_Available data_.
↓↓↓

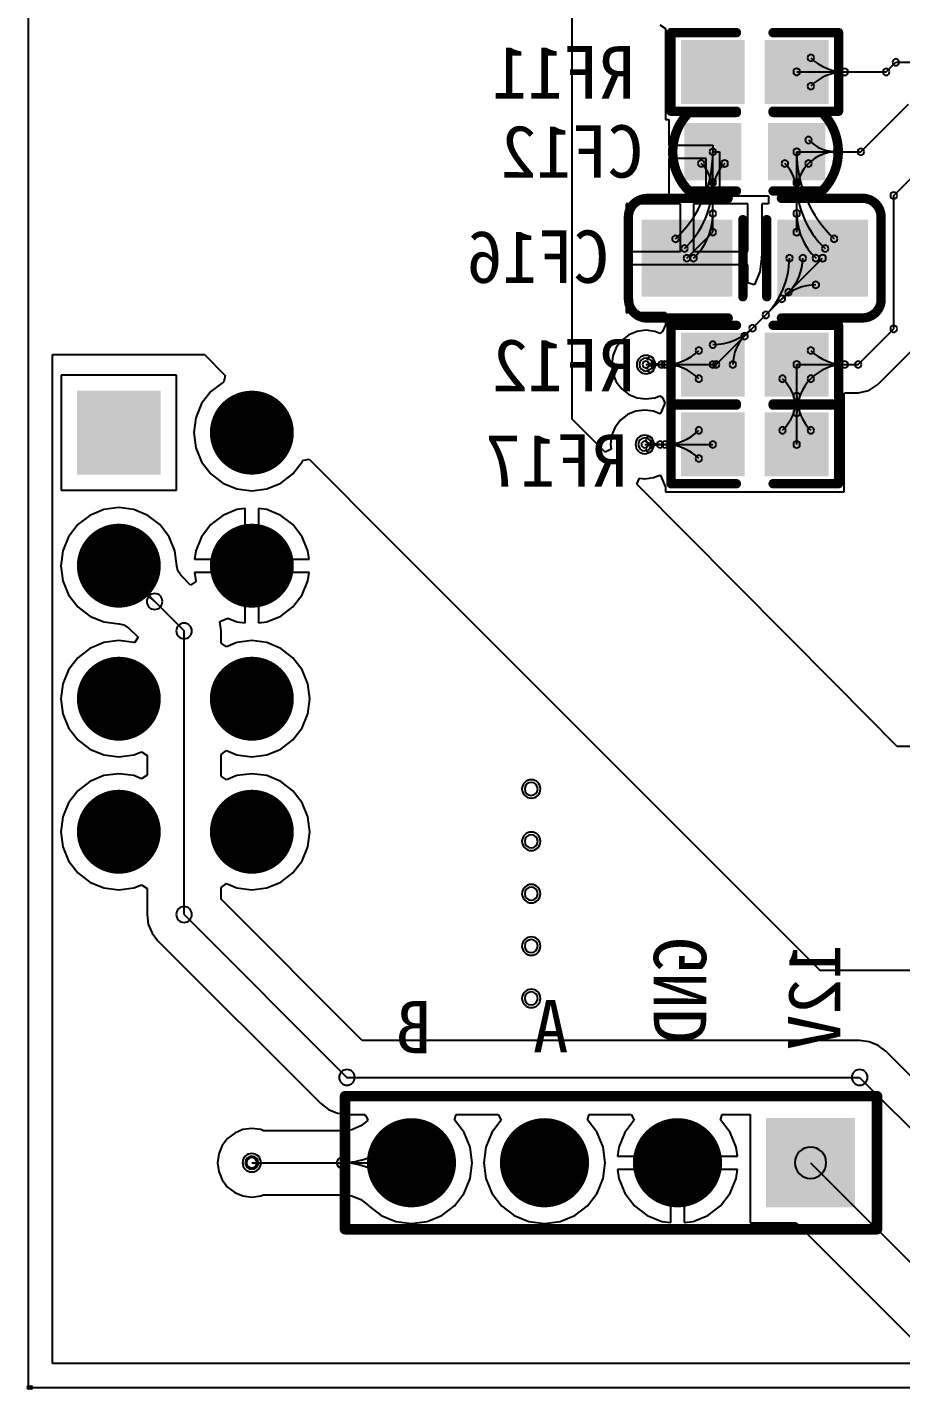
# Model space of a CAD drawing. Header units: inches. Extents: x 32166 to 66782, y 2386 to 7162.
# Drawn here: x 32498.7 to 32632.1, y 3231.9 to 3439.8 of the extents above; entities that cross this region are included whole.
import ezdxf

# ---------------------------------------------------------------- set-up
doc = ezdxf.new("R2010")
doc.units = ezdxf.units.IN
doc.header["$LTSCALE"] = 0.64311
doc.header["$MEASUREMENT"] = 0
for name, color, linetype in [('BOTTOMLAYER', 5, 'CONTINUOUS'), ('BOTTOMOVERLAY', 54, 'CONTINUOUS'), ('BOTTOMPASTE', 16, 'CONTINUOUS'), ('BOTTOMSOLDER', 6, 'CONTINUOUS'), ('KEEPOUTLAYER', 6, 'CONTINUOUS'), ('MULTILAYER', 9, 'CONTINUOUS')]:
    doc.layers.add(name, color=color, linetype=linetype)
doc.styles.get("Standard").update_dxf_attribs({"font": 'txt', "width": 0.8})

msp = doc.modelspace()

# ---------------------------------------------------------------- linework, layer by layer
at = {"layer": 'BOTTOMLAYER'}
for p, q in [((32581.91, 3379.99), (32581.91, 3557.2)), ((32595.31, 3440.21), (32596.15, 3439.65)), ((32596.15, 3439.65), (32596.15, 3437.94)), ((32596.15, 3437.94), (32596.15, 3425.75)), ((32629.89, 3433.01), (32631.37, 3434.48)), ((32631.37, 3434.48), (32651.03, 3434.48)), ((32616.21, 3433.01), (32629.89, 3433.01)), ((32626.02, 3420.82), (32633.29, 3428.08)), ((32596.15, 3425.75), (32596.66, 3425.75)), ((32596.66, 3425.75), (32596.66, 3421.83)), ((32596.66, 3421.83), (32603.42, 3421.83)), ((32603.42, 3421.83), (32603.42, 3420.82)), ((32631.03, 3414.15), (32638.57, 3421.68)), ((32602.4, 3419.8), (32596.66, 3419.8)), ((32596.66, 3419.8), (32596.66, 3414.06)), ((32602.4, 3414.06), (32602.4, 3419.8)), ((32603.41, 3408.52), (32603.41, 3420.82)), ((32603.42, 3420.82), (32604.43, 3420.82)), ((32604.43, 3420.82), (32604.43, 3414.06)), ((32616.21, 3408.52), (32616.21, 3420.82)), ((32616.21, 3420.82), (32626.02, 3420.82)), ((32598.44, 3412.84), (32590.16, 3412.84)), ((32590.16, 3412.84), (32590.16, 3405.58)), ((32596.66, 3414.06), (32602.4, 3414.06)), ((32598.44, 3405.58), (32598.44, 3412.84)), ((32608.75, 3412.84), (32600.47, 3412.84)), ((32600.47, 3412.84), (32600.47, 3405.58)), ((32604.43, 3414.06), (32611.92, 3414.06)), ((32608.75, 3405.58), (32608.75, 3412.84)), ((32611.92, 3412.84), (32610.88, 3412.84)), ((32610.88, 3412.84), (32610.88, 3404.98)), ((32611.92, 3414.06), (32611.92, 3412.84)), ((32631.03, 3393.75), (32631.03, 3414.15)), ((32599.45, 3404.56), (32603.41, 3408.52)), ((32590.16, 3405.58), (32598.44, 3405.58)), ((32600.47, 3405.58), (32608.75, 3405.58)), ((32603.92, 3388.31), (32620.18, 3404.56)), ((32610.88, 3404.98), (32610.8, 3404.56)), ((32610.8, 3404.56), (32610.8, 3404.56)), ((32610.8, 3404.56), (32610.84, 3404.51)), ((32608.75, 3403.55), (32590.16, 3403.55)), ((32590.16, 3403.55), (32590.16, 3396.28)), ((32608.75, 3400.8), (32608.75, 3403.55)), ((32610.58, 3402.49), (32609.78, 3400.55)), ((32610.84, 3404.51), (32610.58, 3402.49)), ((32609.71, 3400.47), (32608.75, 3400.8)), ((32609.78, 3400.55), (32609.71, 3400.47)), ((32590.16, 3396.28), (32596.15, 3396.28)), ((32596.15, 3396.28), (32596.15, 3395.57)), ((32596.15, 3394.37), (32595.72, 3393.34)), ((32596.15, 3395.57), (32596.15, 3395.57)), ((32596.15, 3395.57), (32596.15, 3394.37)), ((32590.57, 3392.85), (32589.48, 3392.01)), ((32591.83, 3393.37), (32590.57, 3392.85)), ((32593.19, 3393.55), (32591.83, 3393.37)), ((32594.55, 3393.37), (32593.19, 3393.55)), ((32595.31, 3393.06), (32594.55, 3393.37)), ((32595.72, 3393.34), (32595.31, 3393.06)), ((32625.59, 3388.31), (32631.03, 3393.75)), ((32588.65, 3390.93), (32588.12, 3389.66)), ((32589.48, 3392.01), (32588.65, 3390.93)), ((32628.63, 3385.27), (32634.07, 3390.71)), ((32502.54, 3235.74), (32502.54, 3389.83)), ((32502.54, 3389.83), (32525.75, 3389.83)), ((32525.75, 3389.83), (32528.92, 3386.66)), ((32588.12, 3389.66), (32587.95, 3388.31)), ((32587.95, 3388.31), (32588.12, 3386.95)), ((32593.19, 3388.31), (32603.41, 3388.31)), ((32603.41, 3388.31), (32603.92, 3388.31)), ((32603.41, 3388.31), (32603.41, 3388.31)), ((32616.21, 3376.11), (32616.21, 3388.31)), ((32616.21, 3388.31), (32625.59, 3388.31)), ((32521.46, 3386.71), (32503.86, 3386.71)), ((32503.86, 3386.71), (32503.86, 3369.11)), ((32521.46, 3369.11), (32521.46, 3386.71)), ((32528.92, 3386.66), (32528.72, 3385.66)), ((32588.12, 3386.95), (32588.65, 3385.68)), ((32526.71, 3384.18), (32525.3, 3382.34)), ((32528.54, 3385.59), (32526.71, 3384.18)), ((32528.72, 3385.66), (32528.54, 3385.59)), ((32588.65, 3385.68), (32589.48, 3384.6)), ((32589.48, 3384.6), (32590.57, 3383.76)), ((32590.57, 3383.76), (32591.83, 3383.24)), ((32623.48, 3383.91), (32623.57, 3383.99)), ((32623.48, 3381.04), (32623.48, 3383.91)), ((32623.57, 3383.99), (32623.57, 3384.01)), ((32623.57, 3384.01), (32625.59, 3384.01)), ((32623.57, 3383.99), (32623.57, 3383.99)), ((32625.59, 3384.01), (32627.24, 3384.33)), ((32627.24, 3384.33), (32628.63, 3385.27)), ((32525.3, 3382.34), (32524.41, 3380.2)), ((32591.83, 3383.24), (32593.19, 3383.06)), ((32593.19, 3383.06), (32594.55, 3383.24)), ((32594.55, 3383.24), (32595.31, 3383.55)), ((32595.31, 3383.55), (32595.72, 3383.27)), ((32596.07, 3382.44), (32595.45, 3380.95)), ((32595.72, 3383.27), (32596.07, 3382.44)), ((32524.41, 3380.2), (32524.11, 3377.91)), ((32586.94, 3374.92), (32581.91, 3379.99)), ((32589.29, 3379.82), (32588.46, 3378.74)), ((32590.38, 3380.66), (32589.29, 3379.82)), ((32591.64, 3381.18), (32590.38, 3380.66)), ((32593, 3381.36), (32591.64, 3381.18)), ((32594.36, 3381.18), (32593, 3381.36)), ((32595.3, 3380.79), (32594.36, 3381.18)), ((32595.34, 3380.78), (32595.3, 3380.79)), ((32595.45, 3380.95), (32595.34, 3380.78)), ((32623.48, 3368.85), (32623.48, 3381.04)), ((32524.11, 3377.91), (32524.41, 3375.61)), ((32588.46, 3378.74), (32587.93, 3377.47)), ((32524.41, 3375.61), (32525.3, 3373.47)), ((32587.93, 3377.47), (32587.75, 3376.11)), ((32587.75, 3376.11), (32587.85, 3375.37)), ((32593, 3376.11), (32603.41, 3376.11)), ((32525.3, 3373.47), (32526.71, 3371.63)), ((32539.26, 3371.63), (32540.67, 3373.47)), ((32540.67, 3373.47), (32540.74, 3373.64)), ((32540.74, 3373.64), (32541.74, 3373.84)), ((32541.74, 3373.84), (32554.07, 3361.51)), ((32587.85, 3375.37), (32586.94, 3374.92)), ((32526.71, 3371.63), (32528.54, 3370.22)), ((32537.42, 3370.22), (32539.26, 3371.63)), ((32594.36, 3371.05), (32595.3, 3371.44)), ((32595.3, 3371.44), (32595.34, 3371.45)), ((32595.34, 3371.45), (32595.45, 3371.28)), ((32595.45, 3371.28), (32596.15, 3369.59)), ((32528.54, 3370.22), (32530.69, 3369.33)), ((32530.69, 3369.33), (32532.98, 3369.03)), ((32532.98, 3369.03), (32535.28, 3369.33)), ((32535.28, 3369.33), (32537.42, 3370.22)), ((32591.77, 3370.06), (32592.22, 3370.97)), ((32622.12, 3339.51), (32591.77, 3370.06)), ((32592.22, 3370.97), (32593, 3370.87)), ((32593, 3370.87), (32594.36, 3371.05)), ((32596.15, 3369.59), (32596.15, 3368.85)), ((32503.86, 3369.11), (32521.46, 3369.11)), ((32596.15, 3368.85), (32623.48, 3368.85)), ((32508.22, 3365.27), (32506.39, 3363.86)), ((32510.37, 3366.16), (32508.22, 3365.27)), ((32512.66, 3366.46), (32510.37, 3366.16)), ((32514.96, 3366.16), (32512.66, 3366.46)), ((32517.1, 3365.27), (32514.96, 3366.16)), ((32518.94, 3363.86), (32517.1, 3365.27)), ((32528.54, 3365.27), (32526.71, 3363.86)), ((32530.69, 3366.16), (32528.54, 3365.27)), ((32531.97, 3366.33), (32530.69, 3366.16)), ((32531.97, 3358.6), (32531.97, 3366.33)), ((32535.28, 3366.16), (32534, 3366.33)), ((32534, 3366.33), (32534, 3358.6)), ((32537.42, 3365.27), (32535.28, 3366.16)), ((32539.26, 3363.86), (32537.42, 3365.27)), ((32506.39, 3363.86), (32504.98, 3362.02)), ((32520.35, 3362.02), (32518.94, 3363.86)), ((32526.71, 3363.86), (32525.3, 3362.02)), ((32540.67, 3362.02), (32539.26, 3363.86)), ((32504.98, 3362.02), (32504.09, 3359.88)), ((32521.24, 3359.88), (32520.35, 3362.02)), ((32525.3, 3362.02), (32524.41, 3359.88)), ((32541.56, 3359.88), (32540.67, 3362.02)), ((32554.07, 3361.51), (32619.75, 3295.83)), ((32504.09, 3359.88), (32503.79, 3357.59)), ((32521.54, 3357.59), (32521.24, 3359.88)), ((32524.41, 3359.88), (32524.24, 3358.6)), ((32541.72, 3358.6), (32541.56, 3359.88)), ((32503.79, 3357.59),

↑↑↑

Please return all lines from the records that hold the word "name".

_Response to the task_.
for name, color, linetype in [('BOTTOMLAYER', 5, 'CONTINUOUS'), ('BOTTOMOVERLAY', 54, 'CONTINUOUS'), ('BOTTOMPASTE', 16, 'CONTINUOUS'), ('BOTTOMSOLDER', 6, 'CONTINUOUS'), ('KEEPOUTLAYER', 6, 'CONTINUOUS'), ('MULTILAYER', 9, 'CONTINUOUS')]:
    doc.layers.add(name, color=color, linetype=linetype)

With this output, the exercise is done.